Live Autoregressive Process

  • August 2012
  • statistics

This post join two things that I like: Highcharts and the Time series. So I have a lot of fun making this minipost to show how works an autoregressive process. Well, let's remember the structure of an autoregresive process. $y_t = \varphi\,y_{t-1}+\epsilon_t$, where $\epsilon_t$ is a white noise, i.e, a $cov(\epsilon_j, \epsilon_i) = 0$ if $i \neq j$, $Var(\epsilon_t) = \sigma^2_\epsilon$, and $\varphi$ is a real parameter.

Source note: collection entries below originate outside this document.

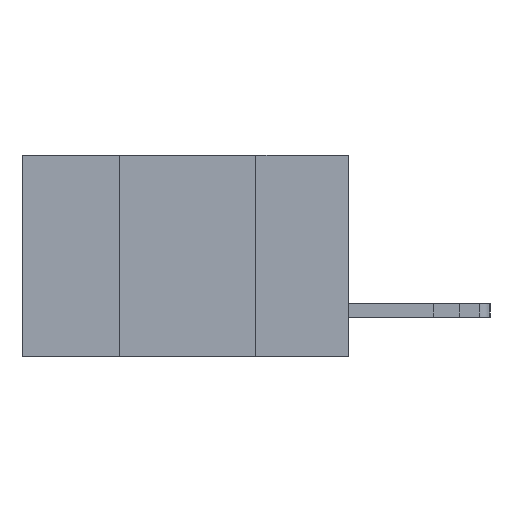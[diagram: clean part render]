
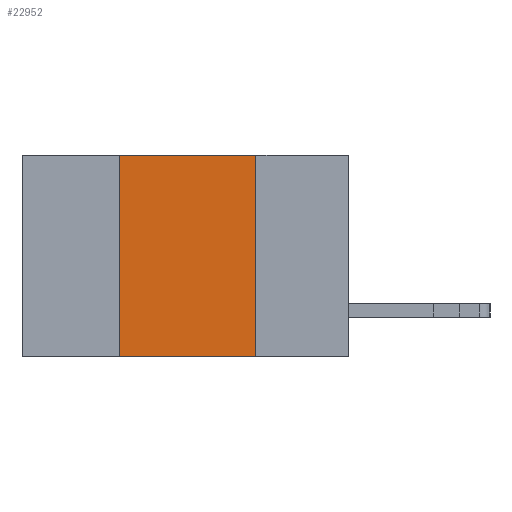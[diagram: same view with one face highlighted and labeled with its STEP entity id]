
A CAD part, left-side view. The second image highlights one B-rep face of the part: STEP entity #22952.
In plain terms, the highlighted planar face has unit normal (-1, 0, 0).
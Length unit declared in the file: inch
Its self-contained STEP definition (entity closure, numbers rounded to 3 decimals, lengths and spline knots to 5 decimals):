
#267 = ORIENTED_EDGE ( 'NONE', *, *, #2017, .F. ) ;
#1495 = CARTESIAN_POINT ( 'NONE',  ( 0., 0.17, 0. ) ) ;
#2017 = EDGE_CURVE ( 'NONE', #11068, #4156, #22709, .T. ) ;
#4110 = EDGE_LOOP ( 'NONE', ( #267, #17155, #10865, #8459 ) ) ;
#4156 = VERTEX_POINT ( 'NONE', #12356 ) ;
#5263 = CARTESIAN_POINT ( 'NONE',  ( 0., 0.42, 0. ) ) ;
#6020 = EDGE_CURVE ( 'NONE', #20338, #11068, #15360, .T. ) ;
#7314 = DIRECTION ( 'NONE',  ( 0., 0., 1. ) ) ;
#7664 = EDGE_CURVE ( 'NONE', #15503, #20338, #13466, .T. ) ;
#7939 = PLANE ( 'NONE',  #20015 ) ;
#7978 = VECTOR ( 'NONE', #7314, 39.37008 ) ;
#8025 = DIRECTION ( 'NONE',  ( 1., 0., 0. ) ) ;
#8082 = CARTESIAN_POINT ( 'NONE',  ( 0., 0.6, 0. ) ) ;
#8459 = ORIENTED_EDGE ( 'NONE', *, *, #9025, .T. ) ;
#9025 = EDGE_CURVE ( 'NONE', #15503, #4156, #15031, .T. ) ;
#9822 = DIRECTION ( 'NONE',  ( 0., 0., -1. ) ) ;
#10865 = ORIENTED_EDGE ( 'NONE', *, *, #7664, .F. ) ;
#11068 = VERTEX_POINT ( 'NONE', #22186 ) ;
#11629 = VECTOR ( 'NONE', #9822, 39.37008 ) ;
#12356 = CARTESIAN_POINT ( 'NONE',  ( 0., 0.17, -0.37 ) ) ;
#13466 = LINE ( 'NONE', #5263, #7978 ) ;
#15031 = LINE ( 'NONE', #15788, #20563 ) ;
#15360 = LINE ( 'NONE', #8082, #20249 ) ;
#15503 = VERTEX_POINT ( 'NONE', #20077 ) ;
#15788 = CARTESIAN_POINT ( 'NONE',  ( 0., 0.6, -0.37 ) ) ;
#17155 = ORIENTED_EDGE ( 'NONE', *, *, #6020, .F. ) ;
#17898 = DIRECTION ( 'NONE',  ( 0., -1., 0. ) ) ;
#20015 = AXIS2_PLACEMENT_3D ( 'NONE', #20477, #8025, #22552 ) ;
#20077 = CARTESIAN_POINT ( 'NONE',  ( 0., 0.42, -0.37 ) ) ;
#20249 = VECTOR ( 'NONE', #20525, 39.37008 ) ;
#20338 = VERTEX_POINT ( 'NONE', #26282 ) ;
#20477 = CARTESIAN_POINT ( 'NONE',  ( 0., 0.6, 0. ) ) ;
#20525 = DIRECTION ( 'NONE',  ( 0., -1., 0. ) ) ;
#20563 = VECTOR ( 'NONE', #17898, 39.37008 ) ;
#21689 = FACE_OUTER_BOUND ( 'NONE', #4110, .T. ) ;
#22186 = CARTESIAN_POINT ( 'NONE',  ( 0., 0.17, 0. ) ) ;
#22552 = DIRECTION ( 'NONE',  ( 0., 0., -1. ) ) ;
#22709 = LINE ( 'NONE', #1495, #11629 ) ;
#22952 = ADVANCED_FACE ( 'NONE', ( #21689 ), #7939, .F. ) ;
#26282 = CARTESIAN_POINT ( 'NONE',  ( 0., 0.42, 0. ) ) ;
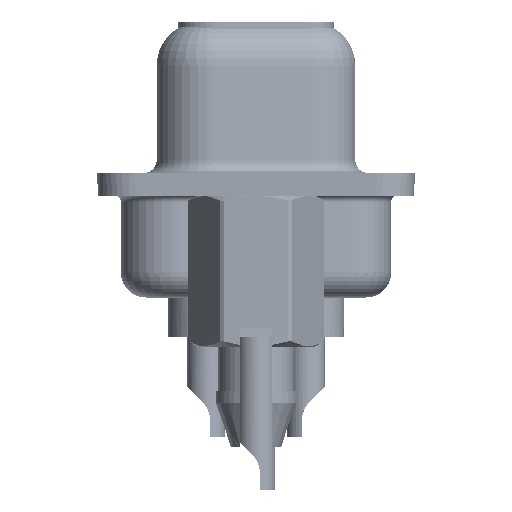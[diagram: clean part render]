
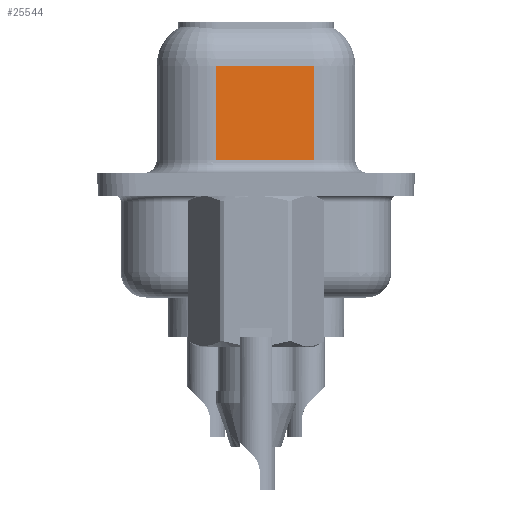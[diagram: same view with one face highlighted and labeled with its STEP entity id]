
A CAD part, left-side view. The second image highlights one B-rep face of the part: STEP entity #25544.
In plain terms, the highlighted planar face has unit normal (-0.985, -0.174, 0).
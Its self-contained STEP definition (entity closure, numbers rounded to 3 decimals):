
#1323 = DIRECTION ( 'NONE',  ( 0., 0., -1. ) ) ;
#2081 = PLANE ( 'NONE',  #27850 ) ;
#2725 = FACE_OUTER_BOUND ( 'NONE', #14834, .T. ) ;
#7998 = DIRECTION ( 'NONE',  ( 0., 0., -1. ) ) ;
#9536 = VERTEX_POINT ( 'NONE', #28470 ) ;
#11369 = LINE ( 'NONE', #25088, #29486 ) ;
#13858 = DIRECTION ( 'NONE',  ( 0.174, -0.985, 0. ) ) ;
#14612 = VERTEX_POINT ( 'NONE', #29359 ) ;
#14834 = EDGE_LOOP ( 'NONE', ( #19646, #20009, #37457, #29759 ) ) ;
#15106 = VECTOR ( 'NONE', #13858, 1000. ) ;
#17223 = LINE ( 'NONE', #28469, #15106 ) ;
#17538 = EDGE_CURVE ( 'NONE', #14612, #31955, #17223, .T. ) ;
#18383 = CARTESIAN_POINT ( 'NONE',  ( 4.38, 1.603, 6.45 ) ) ;
#18604 = LINE ( 'NONE', #18383, #43198 ) ;
#19646 = ORIENTED_EDGE ( 'NONE', *, *, #43468, .F. ) ;
#20009 = ORIENTED_EDGE ( 'NONE', *, *, #34165, .T. ) ;
#20476 = LINE ( 'NONE', #21134, #31320 ) ;
#21134 = CARTESIAN_POINT ( 'NONE',  ( 5.068, -2.297, 4.7 ) ) ;
#24856 = CARTESIAN_POINT ( 'NONE',  ( 5.068, -2.297, 0.95 ) ) ;
#25088 = CARTESIAN_POINT ( 'NONE',  ( 5.068, -2.297, 6.45 ) ) ;
#25544 = ADVANCED_FACE ( 'NONE', ( #2725 ), #2081, .F. ) ;
#27850 = AXIS2_PLACEMENT_3D ( 'NONE', #29051, #29926, #39382 ) ;
#28469 = CARTESIAN_POINT ( 'NONE',  ( 5.068, -2.297, 0.95 ) ) ;
#28470 = CARTESIAN_POINT ( 'NONE',  ( 4.38, 1.603, 4.7 ) ) ;
#29051 = CARTESIAN_POINT ( 'NONE',  ( 5.068, -2.297, 6.45 ) ) ;
#29359 = CARTESIAN_POINT ( 'NONE',  ( 4.38, 1.603, 0.95 ) ) ;
#29486 = VECTOR ( 'NONE', #7998, 1000. ) ;
#29759 = ORIENTED_EDGE ( 'NONE', *, *, #17538, .T. ) ;
#29926 = DIRECTION ( 'NONE',  ( 0.985, 0.174, 0. ) ) ;
#31320 = VECTOR ( 'NONE', #34222, 1000. ) ;
#31955 = VERTEX_POINT ( 'NONE', #24856 ) ;
#32139 = CARTESIAN_POINT ( 'NONE',  ( 5.068, -2.297, 4.7 ) ) ;
#34165 = EDGE_CURVE ( 'NONE', #42446, #9536, #20476, .T. ) ;
#34222 = DIRECTION ( 'NONE',  ( -0.174, 0.985, 0. ) ) ;
#37457 = ORIENTED_EDGE ( 'NONE', *, *, #44314, .T. ) ;
#39382 = DIRECTION ( 'NONE',  ( -0.174, 0.985, 0. ) ) ;
#42446 = VERTEX_POINT ( 'NONE', #32139 ) ;
#43198 = VECTOR ( 'NONE', #1323, 1000. ) ;
#43468 = EDGE_CURVE ( 'NONE', #42446, #31955, #11369, .T. ) ;
#44314 = EDGE_CURVE ( 'NONE', #9536, #14612, #18604, .T. ) ;

Now, let's see first how a white noise looks like. The next chart show the process $y_t = \epsilon_t$, so if we see for a moment the chart we'll notice the process look likes an independent random sequence. There's no structure of any dependence.

The two charts above show autoregressive process for two distinct values of $\varphi$. It's easy to see the difference. In the first process the next value of the serie tends to have the same sign of the past value. In the other procces ocurrs the oposite. That's the effect of the sign of the parameter.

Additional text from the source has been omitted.